Start of RECORD EXTRACTS

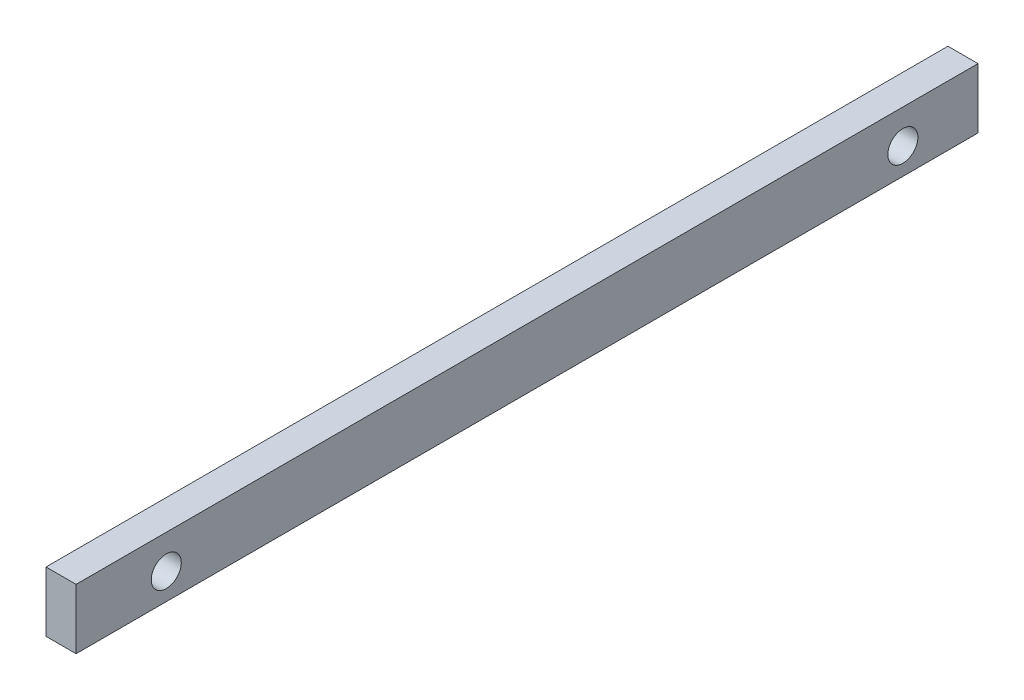
from build123d import *

# Parameters (mm, degrees)
SKETCH1_W           = 120
SKETCH1_H           = 8
SKETCH1_R           = 2
BOSS_EXTRUDE1_DEPTH = 4


with BuildPart() as part:
    # Sketch1 → Boss-Extrude1 (new body)
    with BuildSketch(Plane(origin=(0, 0, 0), x_dir=(0, 0, -1), z_dir=(1, 0, 0))):
        with Locations((19.862658316, 1.315958677)):
            Rectangle(SKETCH1_W, SKETCH1_H)
        with Locations((-28.137341684, 0.827466255)):
            Circle(SKETCH1_R, mode=Mode.SUBTRACT)
        with Locations((69.862658316, 0.827466255)):
            Circle(SKETCH1_R, mode=Mode.SUBTRACT)
    extrude(amount=BOSS_EXTRUDE1_DEPTH)


solid = part.part

End of RECORD EXTRACTS

• **WHAT TO DO**:
Please go through the data above and copy each line that has the word "Locations".

• **WRITTEN SOLUTION**:
        with Locations((19.862658316, 1.315958677)):
        with Locations((-28.137341684, 0.827466255)):
        with Locations((69.862658316, 0.827466255)):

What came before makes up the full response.